Pick the largest coding model that fits comfortably in your GPU's VRAM — bigger reasons better, but must fit alongside its context window. These are Ollama tags.

By VRAM

GPU VRAMRecommended modelNotes
8 GBqwen2.5-coder:7bGreat default — fast, capable. Also llama3.1:8b for general work.
12–16 GBqwen2.5-coder:14bStronger reasoning. deepseek-coder-v2:16b (MoE) is a strong alternative.
24 GB+qwen2.5-coder:32bBest local quality.

Rule of thumb: a quantised model needs roughly its parameter count in GB (a 14B ≈ 9–10 GB) plus headroom for context. Leave a couple of GB free.
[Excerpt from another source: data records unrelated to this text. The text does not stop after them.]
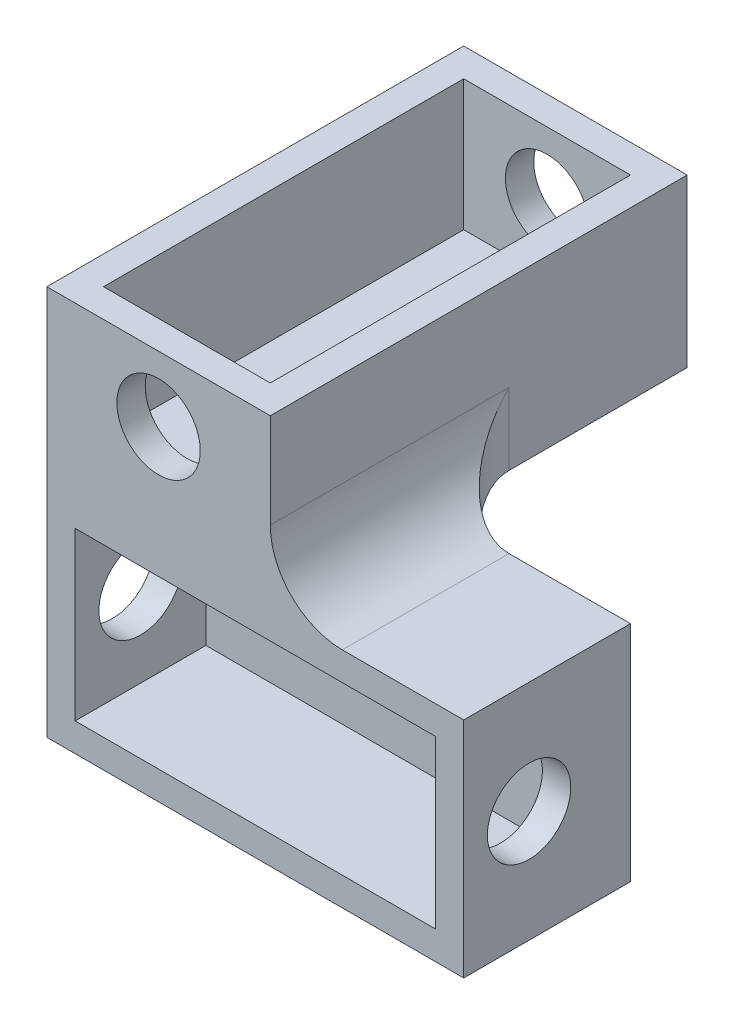
ISO-10303-21;
HEADER;
FILE_DESCRIPTION(('STEP AP214'),'2;1');
FILE_NAME('part.step','',(''),(''),'','','');
FILE_SCHEMA(('AUTOMOTIVE_DESIGN { 1 0 10303 214 1 1 1 1 }'));
ENDSEC;
DATA;
#1=APPLICATION_CONTEXT('core data for automotive mechanical design processes');
#2=APPLICATION_PROTOCOL_DEFINITION('international standard','automotive_design',2000,#1);
#3=PRODUCT_CONTEXT('',#1,'mechanical');
#4=PRODUCT('Part','Part','',(#3));
#5=PRODUCT_RELATED_PRODUCT_CATEGORY('part','',(#4));
#6=PRODUCT_DEFINITION_FORMATION('','',#4);
#7=PRODUCT_DEFINITION_CONTEXT('part definition',#1,'design');
#8=PRODUCT_DEFINITION('design','',#6,#7);
#9=PRODUCT_DEFINITION_SHAPE('','',#8);
#10=(LENGTH_UNIT() NAMED_UNIT(*) SI_UNIT(.MILLI.,.METRE.));
#11=(NAMED_UNIT(*) PLANE_ANGLE_UNIT() SI_UNIT($,.RADIAN.));
#12=(NAMED_UNIT(*) SI_UNIT($,.STERADIAN.) SOLID_ANGLE_UNIT());
#13=UNCERTAINTY_MEASURE_WITH_UNIT(LENGTH_MEASURE(1.E-05),#10,'distance_accuracy_value','');
#14=(GEOMETRIC_REPRESENTATION_CONTEXT(3) GLOBAL_UNCERTAINTY_ASSIGNED_CONTEXT((#13)) GLOBAL_UNIT_ASSIGNED_CONTEXT((#10,
#11,#12)) REPRESENTATION_CONTEXT('',''));
#15=CARTESIAN_POINT('',(0.,0.,0.));
#16=DIRECTION('',(0.,0.,1.));
#17=DIRECTION('',(1.,0.,0.));
#18=AXIS2_PLACEMENT_3D('',#15,#16,#17);
#19=CARTESIAN_POINT('',(-15.875,7.350000032,-3.425));
#20=DIRECTION('',(0.,-1.,0.));
#21=DIRECTION('',(0.,0.,-1.));
#22=AXIS2_PLACEMENT_3D('',#19,#20,#21);
#23=PLANE('',#22);
#24=DIRECTION('',(-1.,0.,0.));
#25=VECTOR('',#24,1.);
#26=CARTESIAN_POINT('',(-15.875,7.350000032,-14.95));
#27=LINE('',#26,#25);
#28=CARTESIAN_POINT('',(15.875,7.350000032,-14.95));
#29=VERTEX_POINT('',#28);
#30=CARTESIAN_POINT('',(-15.875,7.350000032,-14.95));
#31=VERTEX_POINT('',#30);
#32=EDGE_CURVE('E313',#29,#31,#27,.T.);
#33=ORIENTED_EDGE('',*,*,#32,.F.);
#34=DIRECTION('',(0.,0.,-1.));
#35=VECTOR('',#34,1.);
#36=CARTESIAN_POINT('',(15.875,7.350000032,-3.425));
#37=LINE('',#36,#35);
#38=CARTESIAN_POINT('',(15.875,7.350000032,-3.425));
#39=VERTEX_POINT('',#38);
#40=EDGE_CURVE('E334',#39,#29,#37,.T.);
#41=ORIENTED_EDGE('',*,*,#40,.F.);
#42=DIRECTION('',(-1.,0.,0.));
#43=VECTOR('',#42,1.);
#44=CARTESIAN_POINT('',(-15.875,7.350000032,-3.425));
#45=LINE('',#44,#43);
#46=CARTESIAN_POINT('',(-15.875,7.350000032,-3.425));
#47=VERTEX_POINT('',#46);
#48=EDGE_CURVE('E298',#39,#47,#45,.T.);
#49=ORIENTED_EDGE('',*,*,#48,.T.);
#50=DIRECTION('',(0.,0.,-1.));
#51=VECTOR('',#50,1.);
#52=CARTESIAN_POINT('',(-15.875,7.350000032,-3.425));
#53=LINE('',#52,#51);
#54=EDGE_CURVE('E331',#47,#31,#53,.T.);
#55=ORIENTED_EDGE('',*,*,#54,.T.);
#56=EDGE_LOOP('',(#33,#41,#49,#55));
#57=FACE_BOUND('',#56,.T.);
#58=ADVANCED_FACE('F42',(#57),#23,.T.);
#59=CARTESIAN_POINT('',(-15.875,-7.350000032,-3.425));
#60=DIRECTION('',(0.,1.,0.));
#61=DIRECTION('',(0.,0.,1.));
#62=AXIS2_PLACEMENT_3D('',#59,#60,#61);
#63=PLANE('',#62);
#64=DIRECTION('',(1.,0.,0.));
#65=VECTOR('',#64,1.);
#66=CARTESIAN_POINT('',(-15.875,-7.350000032,-14.95));
#67=LINE('',#66,#65);
#68=CARTESIAN_POINT('',(-15.875,-7.350000032,-14.95));
#69=VERTEX_POINT('',#68);
#70=CARTESIAN_POINT('',(15.875,-7.350000032,-14.95));
#71=VERTEX_POINT('',#70);
#72=EDGE_CURVE('E299',#69,#71,#67,.T.);
#73=ORIENTED_EDGE('',*,*,#72,.F.);
#74=DIRECTION('',(0.,0.,-1.));
#75=VECTOR('',#74,1.);
#76=CARTESIAN_POINT('',(-15.875,-7.350000032,-3.425));
#77=LINE('',#76,#75);
#78=CARTESIAN_POINT('',(-15.875,-7.350000032,-3.425));
#79=VERTEX_POINT('',#78);
#80=EDGE_CURVE('E327',#79,#69,#77,.T.);
#81=ORIENTED_EDGE('',*,*,#80,.F.);
#82=DIRECTION('',(1.,0.,0.));
#83=VECTOR('',#82,1.);
#84=CARTESIAN_POINT('',(-15.875,-7.350000032,-3.425));
#85=LINE('',#84,#83);
#86=CARTESIAN_POINT('',(15.875,-7.350000032,-3.425));
#87=VERTEX_POINT('',#86);
#88=EDGE_CURVE('E306',#79,#87,#85,.T.);
#89=ORIENTED_EDGE('',*,*,#88,.T.);
#90=DIRECTION('',(0.,0.,-1.));
#91=VECTOR('',#90,1.);
#92=CARTESIAN_POINT('',(15.875,-7.350000032,-3.425));
#93=LINE('',#92,#91);
#94=EDGE_CURVE('E309',#87,#71,#93,.T.);
#95=ORIENTED_EDGE('',*,*,#94,.T.);
#96=EDGE_LOOP('',(#73,#81,#89,#95));
#97=FACE_BOUND('',#96,.T.);
#98=ADVANCED_FACE('F481',(#97),#63,.T.);
#99=CARTESIAN_POINT('',(0.,0.,-14.95));
#100=DIRECTION('',(0.,0.,1.));
#101=DIRECTION('',(1.,0.,0.));
#102=AXIS2_PLACEMENT_3D('',#99,#100,#101);
#103=PLANE('',#102);
#104=DIRECTION('',(0.,-1.,0.));
#105=VECTOR('',#104,1.);
#106=CARTESIAN_POINT('',(-15.875,-7.350000032,-14.95));
#107=LINE('',#106,#105);
#108=EDGE_CURVE('E317',#31,#69,#107,.T.);
#109=ORIENTED_EDGE('',*,*,#108,.T.);
#110=ORIENTED_EDGE('',*,*,#72,.T.);
#111=DIRECTION('',(0.,1.,0.));
#112=VECTOR('',#111,1.);
#113=CARTESIAN_POINT('',(15.875,-7.350000032,-14.95));
#114=LINE('',#113,#112);
#115=EDGE_CURVE('E294',#71,#29,#114,.T.);
#116=ORIENTED_EDGE('',*,*,#115,.T.);
#117=ORIENTED_EDGE('',*,*,#32,.T.);
#118=EDGE_LOOP('',(#109,#110,#116,#117));
#119=FACE_BOUND('',#118,.T.);
#120=ADVANCED_FACE('F483',(#119),#103,.T.);
#121=CARTESIAN_POINT('',(0.,0.,-3.425));
#122=DIRECTION('',(0.,0.,-1.));
#123=DIRECTION('',(-1.,0.,0.));
#124=AXIS2_PLACEMENT_3D('',#121,#122,#123);
#125=PLANE('',#124);
#126=DIRECTION('',(0.,1.,0.));
#127=VECTOR('',#126,1.);
#128=CARTESIAN_POINT('',(18.375,-9.850000032,-3.425));
#129=LINE('',#128,#127);
#130=CARTESIAN_POINT('',(18.375,-9.850000032,-3.425));
#131=VERTEX_POINT('',#130);
#132=CARTESIAN_POINT('',(18.375,9.850000032,-3.425));
#133=VERTEX_POINT('',#132);
#134=EDGE_CURVE('E338',#131,#133,#129,.T.);
#135=ORIENTED_EDGE('',*,*,#134,.T.);
#136=DIRECTION('',(-1.,0.,0.));
#137=VECTOR('',#136,1.);
#138=CARTESIAN_POINT('',(-18.375,9.850000032,-3.425));
#139=LINE('',#138,#137);
#140=CARTESIAN_POINT('',(7.675000064,9.850000032,-3.425));
#141=VERTEX_POINT('',#140);
#142=EDGE_CURVE('E342',#133,#141,#139,.T.);
#143=ORIENTED_EDGE('',*,*,#142,.T.);
#144=CARTESIAN_POINT('',(7.675000064,16.200000032,-3.425));
#145=DIRECTION('',(0.,0.,-1.));
#146=DIRECTION('',(-1.,0.,0.));
#147=AXIS2_PLACEMENT_3D('',#144,#145,#146);
#148=CIRCLE('',#147,6.35);
#149=CARTESIAN_POINT('',(1.325000064,16.200000032,-3.42500000000001));
#150=VERTEX_POINT('',#149);
#151=EDGE_CURVE('E390',#141,#150,#148,.T.);
#152=ORIENTED_EDGE('',*,*,#151,.T.);
#153=DIRECTION('',(0.,-1.,0.));
#154=VECTOR('',#153,1.);
#155=CARTESIAN_POINT('',(1.325000064,24.550000032,-3.42500000000001));
#156=LINE('',#155,#154);
#157=CARTESIAN_POINT('',(1.325000064,24.550000032,-3.42500000000001));
#158=VERTEX_POINT('',#157);
#159=EDGE_CURVE('E181',#158,#150,#156,.T.);
#160=ORIENTED_EDGE('',*,*,#159,.F.);
#161=DIRECTION('',(1.,0.,0.));
#162=VECTOR('',#161,1.);
#163=CARTESIAN_POINT('',(1.325000064,24.550000032,-3.42500000000001));
#164=LINE('',#163,#162);
#165=CARTESIAN_POINT('',(-18.375,24.550000032,-3.42500000000001));
#166=VERTEX_POINT('',#165);
#167=EDGE_CURVE('E257',#166,#158,#164,.T.);
#168=ORIENTED_EDGE('',*,*,#167,.F.);
#169=DIRECTION('',(0.,-1.,0.));
#170=VECTOR('',#169,1.);
#171=CARTESIAN_POINT('',(-18.375,-9.850000032,-3.425));
#172=LINE('',#171,#170);
#173=CARTESIAN_POINT('',(-18.375,-9.850000032,-3.425));
#174=VERTEX_POINT('',#173);
#175=EDGE_CURVE('E346',#166,#174,#172,.T.);
#176=ORIENTED_EDGE('',*,*,#175,.T.);
#177=DIRECTION('',(1.,0.,0.));
#178=VECTOR('',#177,1.);
#179=CARTESIAN_POINT('',(-18.375,-9.850000032,-3.425));
#180=LINE('',#179,#178);
#181=EDGE_CURVE('E349',#174,#131,#180,.T.);
#182=ORIENTED_EDGE('',*,*,#181,.T.);
#183=EDGE_LOOP('',(#135,#143,#152,#160,#168,#176,#182));
#184=FACE_BOUND('',#183,.T.);
#185=DIRECTION('',(0.,1.,0.));
#186=VECTOR('',#185,1.);
#187=CARTESIAN_POINT('',(15.875,-7.350000032,-3.425));
#188=LINE('',#187,#186);
#189=EDGE_CURVE('E295',#87,#39,#188,.T.);
#190=ORIENTED_EDGE('',*,*,#189,.F.);
#191=ORIENTED_EDGE('',*,*,#88,.F.);
#192=DIRECTION('',(0.,-1.,0.));
#193=VECTOR('',#192,1.);
#194=CARTESIAN_POINT('',(-15.875,-7.350000032,-3.425));
#195=LINE('',#194,#193);
#196=EDGE_CURVE('E302',#47,#79,#195,.T.);
#197=ORIENTED_EDGE('',*,*,#196,.F.);
#198=ORIENTED_EDGE('',*,*,#48,.F.);
#199=EDGE_LOOP('',(#190,#191,#197,#198));
#200=FACE_BOUND('',#199,.T.);
#201=CARTESIAN_POINT('',(-8.524999968,18.787500032,-3.42500000000001));
#202=DIRECTION('',(0.,0.,-1.));
#203=DIRECTION('',(0.,-1.,0.));
#204=AXIS2_PLACEMENT_3D('',#201,#202,#203);
#205=CIRCLE('',#204,3.675);
#206=CARTESIAN_POINT('',(-8.524999968,15.112500032,-3.42500000000001));
#207=VERTEX_POINT('',#206);
#208=EDGE_CURVE('E198',#207,#207,#205,.T.);
#209=ORIENTED_EDGE('',*,*,#208,.T.);
#210=EDGE_LOOP('',(#209));
#211=FACE_BOUND('',#210,.T.);
#212=ADVANCED_FACE('F417',(#184,#200,#211),#125,.F.);
#213=CARTESIAN_POINT('',(-18.375,9.850000032,-3.425));
#214=DIRECTION('',(0.,-1.,0.));
#215=DIRECTION('',(0.,0.,-1.));
#216=AXIS2_PLACEMENT_3D('',#213,#214,#215);
#217=PLANE('',#216);
#218=DIRECTION('',(1.,0.,0.));
#219=VECTOR('',#218,1.);
#220=CARTESIAN_POINT('',(-18.375,9.850000032,-18.125));
#221=LINE('',#220,#219);
#222=CARTESIAN_POINT('',(7.675000064,9.850000032,-18.125));
#223=VERTEX_POINT('',#222);
#224=CARTESIAN_POINT('',(18.375,9.850000032,-18.125));
#225=VERTEX_POINT('',#224);
#226=EDGE_CURVE('E291',#223,#225,#221,.T.);
#227=ORIENTED_EDGE('',*,*,#226,.F.);
#228=DIRECTION('',(0.,0.,1.));
#229=VECTOR('',#228,1.);
#230=CARTESIAN_POINT('',(7.675000064,9.850000032,-3.425));
#231=LINE('',#230,#229);
#232=EDGE_CURVE('E384',#223,#141,#231,.T.);
#233=ORIENTED_EDGE('',*,*,#232,.T.);
#234=ORIENTED_EDGE('',*,*,#142,.F.);
#235=DIRECTION('',(0.,0.,-1.));
#236=VECTOR('',#235,1.);
#237=CARTESIAN_POINT('',(18.375,9.850000032,-3.425));
#238=LINE('',#237,#236);
#239=EDGE_CURVE('E358',#133,#225,#238,.T.);
#240=ORIENTED_EDGE('',*,*,#239,.T.);
#241=EDGE_LOOP('',(#227,#233,#234,#240));
#242=FACE_BOUND('',#241,.T.);
#243=ADVANCED_FACE('F421',(#242),#217,.F.);
#244=CARTESIAN_POINT('',(0.,0.,-18.125));
#245=DIRECTION('',(0.,0.,1.));
#246=DIRECTION('',(1.,0.,0.));
#247=AXIS2_PLACEMENT_3D('',#244,#245,#246);
#248=PLANE('',#247);
#249=DIRECTION('',(1.,0.,0.));
#250=VECTOR('',#249,1.);
#251=CARTESIAN_POINT('',(1.325000064,3.500000032,-18.125));
#252=LINE('',#251,#250);
#253=CARTESIAN_POINT('',(-18.375,3.500000032,-18.125));
#254=VERTEX_POINT('',#253);
#255=CARTESIAN_POINT('',(7.675000064,3.500000032,-18.125));
#256=VERTEX_POINT('',#255);
#257=EDGE_CURVE('E66',#254,#256,#252,.T.);
#258=ORIENTED_EDGE('',*,*,#257,.T.);
#259=DIRECTION('',(0.,1.,0.));
#260=VECTOR('',#259,1.);
#261=CARTESIAN_POINT('',(7.675000064,16.200000032,-18.125));
#262=LINE('',#261,#260);
#263=EDGE_CURVE('E393',#256,#223,#262,.T.);
#264=ORIENTED_EDGE('',*,*,#263,.T.);
#265=ORIENTED_EDGE('',*,*,#226,.T.);
#266=DIRECTION('',(0.,-1.,0.));
#267=VECTOR('',#266,1.);
#268=CARTESIAN_POINT('',(18.375,9.850000032,-18.125));
#269=LINE('',#268,#267);
#270=CARTESIAN_POINT('',(18.375,-9.850000032,-18.125));
#271=VERTEX_POINT('',#270);
#272=EDGE_CURVE('E279',#225,#271,#269,.T.);
#273=ORIENTED_EDGE('',*,*,#272,.T.);
#274=DIRECTION('',(-1.,0.,0.));
#275=VECTOR('',#274,1.);
#276=CARTESIAN_POINT('',(-18.375,-9.850000032,-18.125));
#277=LINE('',#276,#275);
#278=CARTESIAN_POINT('',(-18.375,-9.850000032,-18.125));
#279=VERTEX_POINT('',#278);
#280=EDGE_CURVE('E283',#271,#279,#277,.T.);
#281=ORIENTED_EDGE('',*,*,#280,.T.);
#282=DIRECTION('',(0.,1.,0.));
#283=VECTOR('',#282,1.);
#284=CARTESIAN_POINT('',(-18.375,9.850000032,-18.125));
#285=LINE('',#284,#283);
#286=EDGE_CURVE('E288',#279,#254,#285,.T.);
#287=ORIENTED_EDGE('',*,*,#286,.T.);
#288=EDGE_LOOP('',(#258,#264,#265,#273,#281,#287));
#289=FACE_BOUND('',#288,.T.);
#290=ADVANCED_FACE('F424',(#289),#248,.F.);
#291=CARTESIAN_POINT('',(-18.375,-9.850000032,-3.425));
#292=DIRECTION('',(0.,1.,0.));
#293=DIRECTION('',(0.,0.,1.));
#294=AXIS2_PLACEMENT_3D('',#291,#292,#293);
#295=PLANE('',#294);
#296=DIRECTION('',(0.,0.,-1.));
#297=VECTOR('',#296,1.);
#298=CARTESIAN_POINT('',(-18.375,-9.850000032,-3.425));
#299=LINE('',#298,#297);
#300=EDGE_CURVE('E355',#174,#279,#299,.T.);
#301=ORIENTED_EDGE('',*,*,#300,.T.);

Frontier models (optional)

You can also point an agent at a hosted frontier model (e.g. Claude) for the hard parts. That uses an API and needs the key stored as a project secret in Keikaku — never baked into the agent. (Local models keep everything on your hardware; a frontier model sends prompts to that provider.)

How the model gets pulled

Whatever model you set as MODEL, the agent ensures it's present on first use — if Ollama doesn't have it yet, it's pulled automatically (the first task waits for the download). You can also pull ahead of time:

ollama pull qwen2.5-coder:14b

No GPU? CPU fallback

Ollama runs on CPU if there's no GPU — fine for trying Keikaku out, but expect it to be much slower (small models like qwen2.5-coder:7b only). For real throughput, use a GPU.

Not sure what to pick? The benchmark measures real models against your GPU and recommends one — plus a setup code that prefills the create-agent wizard. Otherwise, start one size down from your VRAM ceiling and move up if there's room.